**Task**
Below are the records; give again exactly the lines that run from the one with "KEY_ON -> KEY_OFF [order 1] : [KEY == 0]" through the last line.
╭─ Available data
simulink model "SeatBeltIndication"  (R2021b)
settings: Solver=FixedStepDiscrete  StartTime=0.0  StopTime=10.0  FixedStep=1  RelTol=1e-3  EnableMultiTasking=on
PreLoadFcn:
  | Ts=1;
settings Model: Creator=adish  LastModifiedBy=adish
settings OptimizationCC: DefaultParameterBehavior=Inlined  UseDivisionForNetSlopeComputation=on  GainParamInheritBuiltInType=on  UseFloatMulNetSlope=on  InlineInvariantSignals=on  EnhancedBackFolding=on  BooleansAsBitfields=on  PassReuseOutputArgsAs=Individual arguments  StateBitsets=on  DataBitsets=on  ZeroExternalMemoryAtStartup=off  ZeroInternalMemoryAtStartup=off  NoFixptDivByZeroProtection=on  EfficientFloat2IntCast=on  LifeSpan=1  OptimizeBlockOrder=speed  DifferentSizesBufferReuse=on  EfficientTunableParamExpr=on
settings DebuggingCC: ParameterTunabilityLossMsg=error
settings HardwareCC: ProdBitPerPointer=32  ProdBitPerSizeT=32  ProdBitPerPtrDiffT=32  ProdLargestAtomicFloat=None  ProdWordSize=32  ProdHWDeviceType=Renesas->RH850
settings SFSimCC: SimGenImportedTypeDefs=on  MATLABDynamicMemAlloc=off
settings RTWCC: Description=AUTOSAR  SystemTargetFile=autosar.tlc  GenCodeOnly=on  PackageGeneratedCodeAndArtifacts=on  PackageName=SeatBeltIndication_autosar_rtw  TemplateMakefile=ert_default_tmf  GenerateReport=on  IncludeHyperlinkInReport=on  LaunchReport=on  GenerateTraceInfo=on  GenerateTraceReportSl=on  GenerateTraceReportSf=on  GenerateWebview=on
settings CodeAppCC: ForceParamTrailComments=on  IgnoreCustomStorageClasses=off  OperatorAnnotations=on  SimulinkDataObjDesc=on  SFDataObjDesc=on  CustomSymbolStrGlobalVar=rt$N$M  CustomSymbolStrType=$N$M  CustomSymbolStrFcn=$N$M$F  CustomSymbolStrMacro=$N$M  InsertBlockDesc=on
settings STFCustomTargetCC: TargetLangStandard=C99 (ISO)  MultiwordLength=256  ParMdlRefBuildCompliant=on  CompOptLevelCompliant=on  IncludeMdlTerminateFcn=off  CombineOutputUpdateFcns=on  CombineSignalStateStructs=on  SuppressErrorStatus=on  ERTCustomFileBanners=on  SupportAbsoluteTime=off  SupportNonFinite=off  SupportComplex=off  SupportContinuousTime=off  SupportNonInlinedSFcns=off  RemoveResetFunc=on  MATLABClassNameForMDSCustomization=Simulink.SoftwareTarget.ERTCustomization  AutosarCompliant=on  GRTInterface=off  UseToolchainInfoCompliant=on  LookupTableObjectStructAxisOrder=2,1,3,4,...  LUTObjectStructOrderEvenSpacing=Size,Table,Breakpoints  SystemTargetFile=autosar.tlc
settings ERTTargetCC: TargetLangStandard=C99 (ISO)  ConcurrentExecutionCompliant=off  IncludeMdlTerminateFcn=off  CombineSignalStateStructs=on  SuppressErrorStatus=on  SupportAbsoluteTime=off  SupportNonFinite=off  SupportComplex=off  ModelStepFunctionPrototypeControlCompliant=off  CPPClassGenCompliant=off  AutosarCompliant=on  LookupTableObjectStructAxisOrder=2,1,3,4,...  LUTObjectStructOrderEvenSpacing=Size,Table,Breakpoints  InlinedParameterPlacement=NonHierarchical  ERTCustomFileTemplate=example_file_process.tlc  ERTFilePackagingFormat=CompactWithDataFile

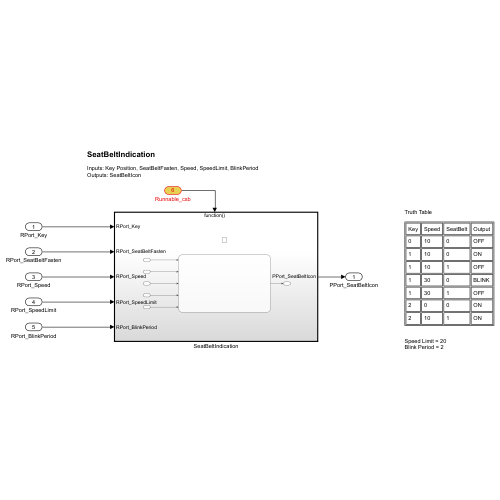
[thumbnail: Simulink's stored preview of the top-level diagram]
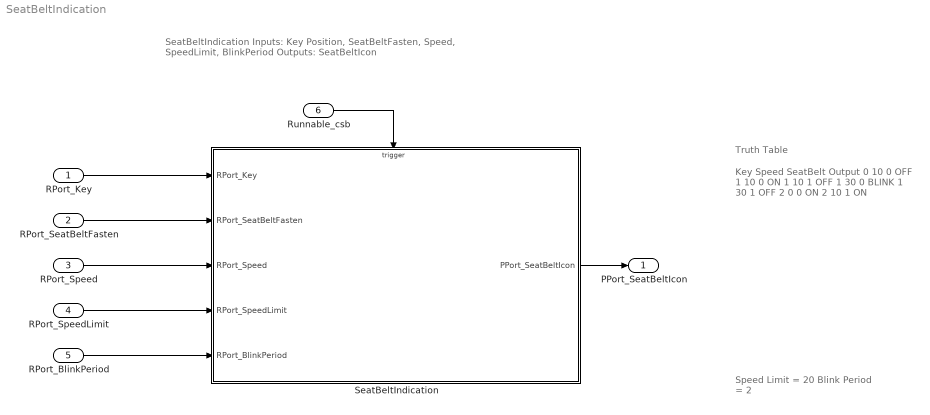
== system SeatBeltIndication ==
  note: Truth Table
  note: Speed Limit = 20
      | Blink Period = 2
  note: Key
      | Speed
      | SeatBelt
      | Output
      |
      | 0
      | 10
      | 0
      | OFF
      |
      | 1
      | 10
      | 0
      | ON
      |
      | 1
      | 10
      | 1
      | OFF
      |
      | 1
      | 30
      | 0
      | BLINK
      |
      | 1
      | 30
      | 1
      | OFF
      |
      | 2
      | 0
      | 0
      | ON
      |
      | 2
      | 10
      | 1
      | ON
  note: SeatBeltIndication
      |
      | Inputs: Key Position, SeatBeltFasten, Speed, SpeedLimit, BlinkPeriod
      | Outputs: SeatBeltIcon
  RPort_Key : Inport
  RPort_SeatBeltFasten : Inport  Port=2
  RPort_Speed : Inport  Port=3
  RPort_SpeedLimit : Inport  Port=4
  RPort_BlinkPeriod : Inport  Port=5
  Runnable_csb : Inport  Port=6  SampleTime=Ts  OutputFunctionCall=on
  SeatBeltIndication : Subsystem  TreatAsAtomicUnit=on
  PPort_SeatBeltIcon : Outport
  wires:
  RPort_Key/1 -> SeatBeltIndication/1(RPort_Key)
  RPort_SeatBeltFasten/1 -> SeatBeltIndication/2(RPort_SeatBeltFasten)
  RPort_Speed/1 -> SeatBeltIndication/3(RPort_Speed)
  RPort_SpeedLimit/1 -> SeatBeltIndication/4(RPort_SpeedLimit)
  RPort_BlinkPeriod/1 -> SeatBeltIndication/5(RPort_BlinkPeriod)
  SeatBeltIndication/1(PPort_SeatBeltIcon) -> PPort_SeatBeltIcon/1
  Runnable_csb/1 -> SeatBeltIndication/Trigger

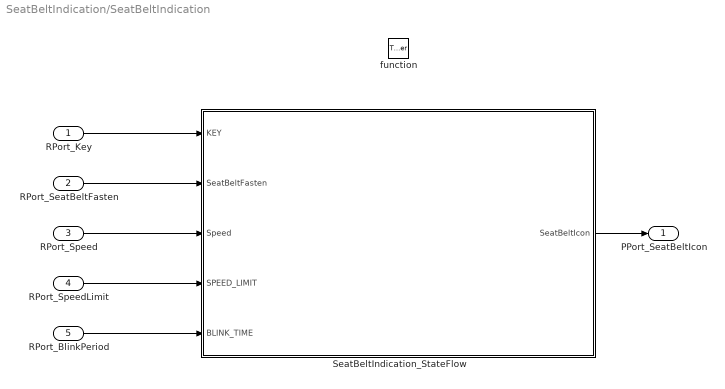
== system SeatBeltIndication/SeatBeltIndication ==
  RPort_Key : Inport
  RPort_SeatBeltFasten : Inport  Port=2
  RPort_Speed : Inport  Port=3
  RPort_SpeedLimit : Inport  Port=4
  RPort_BlinkPeriod : Inport  Port=5
  function : TriggerPort  TriggerType=function-call  VariantControl=(inherit)  SampleTimeType=periodic  SampleTime=-1
  SeatBeltIndication_StateFlow : Stateflow chart  TreatAsAtomicUnit=on
  PPort_SeatBeltIcon : Outport
  wires:
  RPort_SeatBeltFasten/1 -> SeatBeltIndication_StateFlow/2(SeatBeltFasten)
  RPort_BlinkPeriod/1 -> SeatBeltIndication_StateFlow/5(BLINK_TIME)
  RPort_SpeedLimit/1 -> SeatBeltIndication_StateFlow/4(SPEED_LIMIT)
  RPort_Speed/1 -> SeatBeltIndication_StateFlow/3(Speed)
  RPort_Key/1 -> SeatBeltIndication_StateFlow/1(KEY)
  SeatBeltIndication_StateFlow/1(SeatBeltIcon) -> PPort_SeatBeltIcon/1

== stateflow chart SeatBeltIndication/SeatBeltIndication_StateFlow ==
  state KEY_OFF
    entry: SeatBeltIcon=0;
  state KEY_CRANK
    entry: SeatBeltIcon=1;
  state KEY_ON
    state SB_UNFASTEN
      state LOW_SPEED
        entry: SeatBeltIcon = 1;
      state HIGH_SPEED
        state OFF
          entry: SeatBeltIcon=0;
        state ON
          entry: SeatBeltIcon=1;
        (default) -> OFF
        ON -> OFF : [after(BLINK_TIME,sec)]
        OFF -> ON : [after(BLINK_TIME,sec)]
      (default) -> LOW_SPEED
      LOW_SPEED -> HIGH_SPEED : [Speed > SPEED_LIMIT]
      HIGH_SPEED -> LOW_SPEED : [Speed <= SPEED_LIMIT]
    state SB_FASTEN
      en: SeatBeltIcon=0;
    (default) -> (junction 12)
    (junction 12) -> SB_UNFASTEN [order 2]
    (junction 12) -> SB_FASTEN [order 1] : [SeatBeltFasten == 1]
    SB_UNFASTEN -> SB_FASTEN : [SeatBeltFasten == 1]
    SB_FASTEN -> SB_UNFASTEN : [SeatBeltFasten == 0]
  (default) -> KEY_OFF
  KEY_OFF -> KEY_ON : [KEY==1]
  KEY_ON -> KEY_OFF [order 1] : [KEY == 0]
  KEY_ON -> KEY_CRANK [order 2] : [KEY == 2]
  KEY_CRANK -> KEY_ON : [KEY == 1]
  data: KEY input; SeatBeltFasten input; Speed input; SeatBeltIcon output; SPEED_LIMIT input; BLINK_TIME input
╰─
**Answer section**
  KEY_ON -> KEY_OFF [order 1] : [KEY == 0]
  KEY_ON -> KEY_CRANK [order 2] : [KEY == 2]
  KEY_CRANK -> KEY_ON : [KEY == 1]
  data: KEY input; SeatBeltFasten input; Speed input; SeatBeltIcon output; SPEED_LIMIT input; BLINK_TIME input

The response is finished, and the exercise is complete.